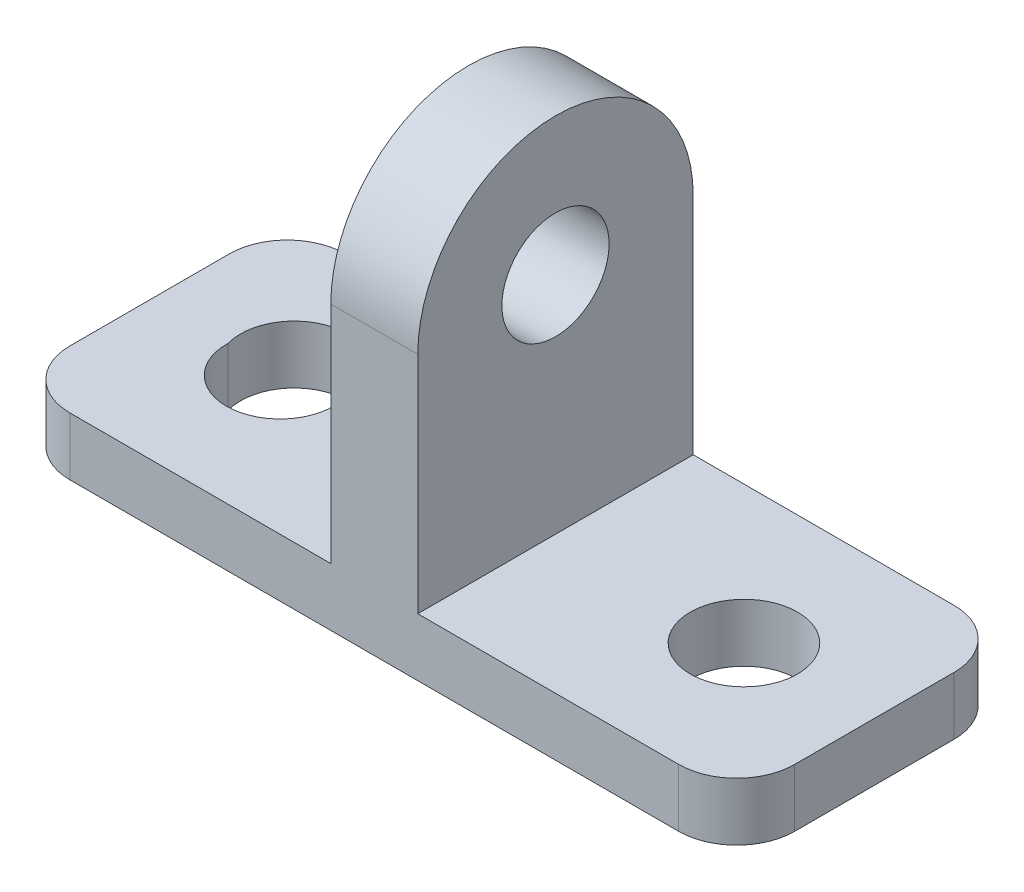
ISO-10303-21;
HEADER;
FILE_DESCRIPTION(('STEP AP214'),'2;1');
FILE_NAME('part.step','',(''),(''),'','','');
FILE_SCHEMA(('AUTOMOTIVE_DESIGN { 1 0 10303 214 1 1 1 1 }'));
ENDSEC;
DATA;
#1=APPLICATION_CONTEXT('core data for automotive mechanical design processes');
#2=APPLICATION_PROTOCOL_DEFINITION('international standard','automotive_design',2000,#1);
#3=PRODUCT_CONTEXT('',#1,'mechanical');
#4=PRODUCT('Part','Part','',(#3));
#5=PRODUCT_RELATED_PRODUCT_CATEGORY('part','',(#4));
#6=PRODUCT_DEFINITION_FORMATION('','',#4);
#7=PRODUCT_DEFINITION_CONTEXT('part definition',#1,'design');
#8=PRODUCT_DEFINITION('design','',#6,#7);
#9=PRODUCT_DEFINITION_SHAPE('','',#8);
#10=(LENGTH_UNIT() NAMED_UNIT(*) SI_UNIT(.MILLI.,.METRE.));
#11=(NAMED_UNIT(*) PLANE_ANGLE_UNIT() SI_UNIT($,.RADIAN.));
#12=(NAMED_UNIT(*) SI_UNIT($,.STERADIAN.) SOLID_ANGLE_UNIT());
#13=UNCERTAINTY_MEASURE_WITH_UNIT(LENGTH_MEASURE(1.E-05),#10,'distance_accuracy_value','');
#14=(GEOMETRIC_REPRESENTATION_CONTEXT(3) GLOBAL_UNCERTAINTY_ASSIGNED_CONTEXT((#13)) GLOBAL_UNIT_ASSIGNED_CONTEXT((#10,
#11,#12)) REPRESENTATION_CONTEXT('',''));
#15=CARTESIAN_POINT('',(0.,0.,0.));
#16=DIRECTION('',(0.,0.,1.));
#17=DIRECTION('',(1.,0.,0.));
#18=AXIS2_PLACEMENT_3D('',#15,#16,#17);
#19=CARTESIAN_POINT('',(0.,0.,9.5));
#20=DIRECTION('',(0.,0.,1.));
#21=DIRECTION('',(1.,0.,0.));
#22=AXIS2_PLACEMENT_3D('',#19,#20,#21);
#23=PLANE('',#22);
#24=DIRECTION('',(1.,0.,0.));
#25=VECTOR('',#24,1.);
#26=CARTESIAN_POINT('',(-1.5,-5.25,9.5));
#27=LINE('',#26,#25);
#28=CARTESIAN_POINT('',(-10.5,-5.25,9.5));
#29=VERTEX_POINT('',#28);
#30=CARTESIAN_POINT('',(-1.5,-5.25,9.5));
#31=VERTEX_POINT('',#30);
#32=EDGE_CURVE('E164',#29,#31,#27,.T.);
#33=ORIENTED_EDGE('',*,*,#32,.F.);
#34=DIRECTION('',(0.,-1.,0.));
#35=VECTOR('',#34,1.);
#36=CARTESIAN_POINT('',(-10.5,-7.25,9.5));
#37=LINE('',#36,#35);
#38=CARTESIAN_POINT('',(-10.5,-7.25,9.5));
#39=VERTEX_POINT('',#38);
#40=EDGE_CURVE('E238',#29,#39,#37,.T.);
#41=ORIENTED_EDGE('',*,*,#40,.T.);
#42=DIRECTION('',(1.,0.,0.));
#43=VECTOR('',#42,1.);
#44=CARTESIAN_POINT('',(-12.5,-7.25,9.5));
#45=LINE('',#44,#43);
#46=CARTESIAN_POINT('',(10.5,-7.25,9.5));
#47=VERTEX_POINT('',#46);
#48=EDGE_CURVE('E196',#39,#47,#45,.T.);
#49=ORIENTED_EDGE('',*,*,#48,.T.);
#50=DIRECTION('',(0.,1.,0.));
#51=VECTOR('',#50,1.);
#52=CARTESIAN_POINT('',(10.5,-5.25,9.5));
#53=LINE('',#52,#51);
#54=CARTESIAN_POINT('',(10.5,-5.25,9.5));
#55=VERTEX_POINT('',#54);
#56=EDGE_CURVE('E235',#47,#55,#53,.T.);
#57=ORIENTED_EDGE('',*,*,#56,.T.);
#58=DIRECTION('',(1.,0.,0.));
#59=VECTOR('',#58,1.);
#60=CARTESIAN_POINT('',(1.5,-5.25,9.5));
#61=LINE('',#60,#59);
#62=CARTESIAN_POINT('',(1.5,-5.25,9.5));
#63=VERTEX_POINT('',#62);
#64=EDGE_CURVE('E181',#63,#55,#61,.T.);
#65=ORIENTED_EDGE('',*,*,#64,.F.);
#66=DIRECTION('',(0.,-1.,0.));
#67=VECTOR('',#66,1.);
#68=CARTESIAN_POINT('',(1.5,7.25,9.5));
#69=LINE('',#68,#67);
#70=CARTESIAN_POINT('',(1.5,2.5,9.5));
#71=VERTEX_POINT('',#70);
#72=EDGE_CURVE('E174',#71,#63,#69,.T.);
#73=ORIENTED_EDGE('',*,*,#72,.F.);
#74=DIRECTION('',(1.,0.,0.));
#75=VECTOR('',#74,1.);
#76=CARTESIAN_POINT('',(-12.5,2.5,9.5));
#77=LINE('',#76,#75);
#78=CARTESIAN_POINT('',(-1.5,2.5,9.5));
#79=VERTEX_POINT('',#78);
#80=EDGE_CURVE('E192',#79,#71,#77,.T.);
#81=ORIENTED_EDGE('',*,*,#80,.F.);
#82=DIRECTION('',(0.,1.,0.));
#83=VECTOR('',#82,1.);
#84=CARTESIAN_POINT('',(-1.5,7.25,9.5));
#85=LINE('',#84,#83);
#86=EDGE_CURVE('E167',#31,#79,#85,.T.);
#87=ORIENTED_EDGE('',*,*,#86,.F.);
#88=EDGE_LOOP('',(#33,#41,#49,#57,#65,#73,#81,#87));
#89=FACE_BOUND('',#88,.T.);
#90=ADVANCED_FACE('F33',(#89),#23,.T.);
#91=CARTESIAN_POINT('',(0.,0.,0.));
#92=DIRECTION('',(0.,0.,1.));
#93=DIRECTION('',(1.,0.,0.));
#94=AXIS2_PLACEMENT_3D('',#91,#92,#93);
#95=PLANE('',#94);
#96=DIRECTION('',(1.,0.,0.));
#97=VECTOR('',#96,1.);
#98=CARTESIAN_POINT('',(-12.5,-7.25,0.));
#99=LINE('',#98,#97);
#100=CARTESIAN_POINT('',(-10.5,-7.25,0.));
#101=VERTEX_POINT('',#100);
#102=CARTESIAN_POINT('',(10.5,-7.25,0.));
#103=VERTEX_POINT('',#102);
#104=EDGE_CURVE('E194',#101,#103,#99,.T.);
#105=ORIENTED_EDGE('',*,*,#104,.F.);
#106=DIRECTION('',(0.,-1.,0.));
#107=VECTOR('',#106,1.);
#108=CARTESIAN_POINT('',(-10.5,0.,0.));
#109=LINE('',#108,#107);
#110=CARTESIAN_POINT('',(-10.5,-5.25,0.));
#111=VERTEX_POINT('',#110);
#112=EDGE_CURVE('E229',#101,#111,#109,.F.);
#113=ORIENTED_EDGE('',*,*,#112,.T.);
#114=DIRECTION('',(1.,0.,0.));
#115=VECTOR('',#114,1.);
#116=CARTESIAN_POINT('',(-1.5,-5.25,0.));
#117=LINE('',#116,#115);
#118=CARTESIAN_POINT('',(-1.5,-5.25,0.));
#119=VERTEX_POINT('',#118);
#120=EDGE_CURVE('E163',#111,#119,#117,.T.);
#121=ORIENTED_EDGE('',*,*,#120,.T.);
#122=DIRECTION('',(0.,1.,0.));
#123=VECTOR('',#122,1.);
#124=CARTESIAN_POINT('',(-1.5,7.25,0.));
#125=LINE('',#124,#123);
#126=CARTESIAN_POINT('',(-1.5,2.5,0.));
#127=VERTEX_POINT('',#126);
#128=EDGE_CURVE('E160',#119,#127,#125,.T.);
#129=ORIENTED_EDGE('',*,*,#128,.T.);
#130=DIRECTION('',(1.,0.,0.));
#131=VECTOR('',#130,1.);
#132=CARTESIAN_POINT('',(-12.5,2.5,0.));
#133=LINE('',#132,#131);
#134=CARTESIAN_POINT('',(1.5,2.5,0.));
#135=VERTEX_POINT('',#134);
#136=EDGE_CURVE('E189',#127,#135,#133,.T.);
#137=ORIENTED_EDGE('',*,*,#136,.T.);
#138=DIRECTION('',(0.,-1.,0.));
#139=VECTOR('',#138,1.);
#140=CARTESIAN_POINT('',(1.5,7.25,0.));
#141=LINE('',#140,#139);
#142=CARTESIAN_POINT('',(1.5,-5.25,0.));
#143=VERTEX_POINT('',#142);
#144=EDGE_CURVE('E177',#135,#143,#141,.T.);
#145=ORIENTED_EDGE('',*,*,#144,.T.);
#146=DIRECTION('',(1.,0.,0.));
#147=VECTOR('',#146,1.);
#148=CARTESIAN_POINT('',(1.5,-5.25,0.));
#149=LINE('',#148,#147);
#150=CARTESIAN_POINT('',(10.5,-5.25,0.));
#151=VERTEX_POINT('',#150);
#152=EDGE_CURVE('E180',#143,#151,#149,.T.);
#153=ORIENTED_EDGE('',*,*,#152,.T.);
#154=DIRECTION('',(0.,1.,0.));
#155=VECTOR('',#154,1.);
#156=CARTESIAN_POINT('',(10.5,0.,0.));
#157=LINE('',#156,#155);
#158=EDGE_CURVE('E227',#151,#103,#157,.F.);
#159=ORIENTED_EDGE('',*,*,#158,.T.);
#160=EDGE_LOOP('',(#105,#113,#121,#129,#137,#145,#153,#159));
#161=FACE_BOUND('',#160,.T.);
#162=ADVANCED_FACE('F254',(#161),#95,.F.);
#163=CARTESIAN_POINT('',(12.5,7.25,9.5));
#164=DIRECTION('',(-1.,0.,0.));
#165=DIRECTION('',(0.,-1.,0.));
#166=AXIS2_PLACEMENT_3D('',#163,#164,#165);
#167=PLANE('',#166);
#168=DIRECTION('',(0.,0.,-1.));
#169=VECTOR('',#168,1.);
#170=CARTESIAN_POINT('',(12.5,-7.25,9.5));
#171=LINE('',#170,#169);
#172=CARTESIAN_POINT('',(12.5,-7.25,7.5));
#173=VERTEX_POINT('',#172);
#174=CARTESIAN_POINT('',(12.5,-7.25,2.));
#175=VERTEX_POINT('',#174);
#176=EDGE_CURVE('E199',#173,#175,#171,.T.);
#177=ORIENTED_EDGE('',*,*,#176,.T.);
#178=DIRECTION('',(0.,1.,0.));
#179=VECTOR('',#178,1.);
#180=CARTESIAN_POINT('',(12.5,7.25,2.));
#181=LINE('',#180,#179);
#182=CARTESIAN_POINT('',(12.5,-5.25,2.));
#183=VERTEX_POINT('',#182);
#184=EDGE_CURVE('E243',#175,#183,#181,.T.);
#185=ORIENTED_EDGE('',*,*,#184,.T.);
#186=DIRECTION('',(0.,0.,1.));
#187=VECTOR('',#186,1.);
#188=CARTESIAN_POINT('',(12.5,-5.25,0.));
#189=LINE('',#188,#187);
#190=CARTESIAN_POINT('',(12.5,-5.25,7.5));
#191=VERTEX_POINT('',#190);
#192=EDGE_CURVE('E187',#183,#191,#189,.T.);
#193=ORIENTED_EDGE('',*,*,#192,.T.);
#194=DIRECTION('',(0.,1.,0.));
#195=VECTOR('',#194,1.);
#196=CARTESIAN_POINT('',(12.5,-7.25,7.5));
#197=LINE('',#196,#195);
#198=EDGE_CURVE('E241',#191,#173,#197,.F.);
#199=ORIENTED_EDGE('',*,*,#198,.T.);
#200=EDGE_LOOP('',(#177,#185,#193,#199));
#201=FACE_BOUND('',#200,.T.);
#202=ADVANCED_FACE('F263',(#201),#167,.F.);
#203=CARTESIAN_POINT('',(-12.5,7.25,9.5));
#204=DIRECTION('',(1.,0.,0.));
#205=DIRECTION('',(0.,1.,0.));
#206=AXIS2_PLACEMENT_3D('',#203,#204,#205);
#207=PLANE('',#206);
#208=DIRECTION('',(0.,0.,1.));
#209=VECTOR('',#208,1.);
#210=CARTESIAN_POINT('',(-12.5,-5.25,0.));
#211=LINE('',#210,#209);
#212=CARTESIAN_POINT('',(-12.5,-5.25,2.));
#213=VERTEX_POINT('',#212);
#214=CARTESIAN_POINT('',(-12.5,-5.25,7.5));
#215=VERTEX_POINT('',#214);
#216=EDGE_CURVE('E166',#213,#215,#211,.T.);
#217=ORIENTED_EDGE('',*,*,#216,.F.);
#218=DIRECTION('',(0.,-1.,0.));
#219=VECTOR('',#218,1.);
#220=CARTESIAN_POINT('',(-12.5,7.25,2.));
#221=LINE('',#220,#219);
#222=CARTESIAN_POINT('',(-12.5,-7.25,2.));
#223=VERTEX_POINT('',#222);
#224=EDGE_CURVE('E216',#213,#223,#221,.T.);
#225=ORIENTED_EDGE('',*,*,#224,.T.);
#226=DIRECTION('',(0.,0.,-1.));
#227=VECTOR('',#226,1.);
#228=CARTESIAN_POINT('',(-12.5,-7.25,9.5));
#229=LINE('',#228,#227);
#230=CARTESIAN_POINT('',(-12.5,-7.25,7.5));
#231=VERTEX_POINT('',#230);
#232=EDGE_CURVE('E204',#231,#223,#229,.T.);
#233=ORIENTED_EDGE('',*,*,#232,.F.);
#234=DIRECTION('',(0.,-1.,0.));
#235=VECTOR('',#234,1.);
#236=CARTESIAN_POINT('',(-12.5,-5.25,7.5));
#237=LINE('',#236,#235);
#238=EDGE_CURVE('E212',#231,#215,#237,.F.);
#239=ORIENTED_EDGE('',*,*,#238,.T.);
#240=EDGE_LOOP('',(#217,#225,#233,#239));
#241=FACE_BOUND('',#240,.T.);
#242=ADVANCED_FACE('F280',(#241),#207,.F.);
#243=CARTESIAN_POINT('',(-12.5,-7.25,9.5));
#244=DIRECTION('',(0.,1.,0.));
#245=DIRECTION('',(0.,0.,1.));
#246=AXIS2_PLACEMENT_3D('',#243,#244,#245);
#247=PLANE('',#246);
#248=CARTESIAN_POINT('',(8.,-7.25,4.75));
#249=DIRECTION('',(0.,1.,0.));
#250=DIRECTION('',(-1.,0.,0.));
#251=AXIS2_PLACEMENT_3D('',#248,#249,#250);
#252=CIRCLE('',#251,1.85);
#253=CARTESIAN_POINT('',(6.15,-7.25,4.75));
#254=VERTEX_POINT('',#253);
#255=EDGE_CURVE('E148',#254,#254,#252,.T.);
#256=ORIENTED_EDGE('',*,*,#255,.T.);
#257=EDGE_LOOP('',(#256));
#258=FACE_BOUND('',#257,.T.);
#259=CARTESIAN_POINT('',(-8.,-7.25,4.75));
#260=DIRECTION('',(0.,1.,0.));
#261=DIRECTION('',(-1.,0.,0.));
#262=AXIS2_PLACEMENT_3D('',#259,#260,#261);
#263=CIRCLE('',#262,1.85);
#264=CARTESIAN_POINT('',(-9.84902529193701,-7.25,4.68995443582362));
#265=VERTEX_POINT('',#264);
#266=CARTESIAN_POINT('',(-6.21736963616891,-7.25,4.25529909445458));
#267=VERTEX_POINT('',#266);
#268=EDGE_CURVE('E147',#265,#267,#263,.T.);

[WHAT YOU SHOULD DO] After dropping the pictures, reproduce exactly the lines from the first line of the entries through the line containing "#30=CARTESIAN_POINT('',(-1.5,-5.25,9.5));", both included.

[TASK ANSWER]
ISO-10303-21;
HEADER;
FILE_DESCRIPTION(('STEP AP214'),'2;1');
FILE_NAME('part.step','',(''),(''),'','','');
FILE_SCHEMA(('AUTOMOTIVE_DESIGN { 1 0 10303 214 1 1 1 1 }'));
ENDSEC;
DATA;
#1=APPLICATION_CONTEXT('core data for automotive mechanical design processes');
#2=APPLICATION_PROTOCOL_DEFINITION('international standard','automotive_design',2000,#1);
#3=PRODUCT_CONTEXT('',#1,'mechanical');
#4=PRODUCT('Part','Part','',(#3));
#5=PRODUCT_RELATED_PRODUCT_CATEGORY('part','',(#4));
#6=PRODUCT_DEFINITION_FORMATION('','',#4);
#7=PRODUCT_DEFINITION_CONTEXT('part definition',#1,'design');
#8=PRODUCT_DEFINITION('design','',#6,#7);
#9=PRODUCT_DEFINITION_SHAPE('','',#8);
#10=(LENGTH_UNIT() NAMED_UNIT(*) SI_UNIT(.MILLI.,.METRE.));
#11=(NAMED_UNIT(*) PLANE_ANGLE_UNIT() SI_UNIT($,.RADIAN.));
#12=(NAMED_UNIT(*) SI_UNIT($,.STERADIAN.) SOLID_ANGLE_UNIT());
#13=UNCERTAINTY_MEASURE_WITH_UNIT(LENGTH_MEASURE(1.E-05),#10,'distance_accuracy_value','');
#14=(GEOMETRIC_REPRESENTATION_CONTEXT(3) GLOBAL_UNCERTAINTY_ASSIGNED_CONTEXT((#13)) GLOBAL_UNIT_ASSIGNED_CONTEXT((#10,
#11,#12)) REPRESENTATION_CONTEXT('',''));
#15=CARTESIAN_POINT('',(0.,0.,0.));
#16=DIRECTION('',(0.,0.,1.));
#17=DIRECTION('',(1.,0.,0.));
#18=AXIS2_PLACEMENT_3D('',#15,#16,#17);
#19=CARTESIAN_POINT('',(0.,0.,9.5));
#20=DIRECTION('',(0.,0.,1.));
#21=DIRECTION('',(1.,0.,0.));
#22=AXIS2_PLACEMENT_3D('',#19,#20,#21);
#23=PLANE('',#22);
#24=DIRECTION('',(1.,0.,0.));
#25=VECTOR('',#24,1.);
#26=CARTESIAN_POINT('',(-1.5,-5.25,9.5));
#27=LINE('',#26,#25);
#28=CARTESIAN_POINT('',(-10.5,-5.25,9.5));
#29=VERTEX_POINT('',#28);
#30=CARTESIAN_POINT('',(-1.5,-5.25,9.5));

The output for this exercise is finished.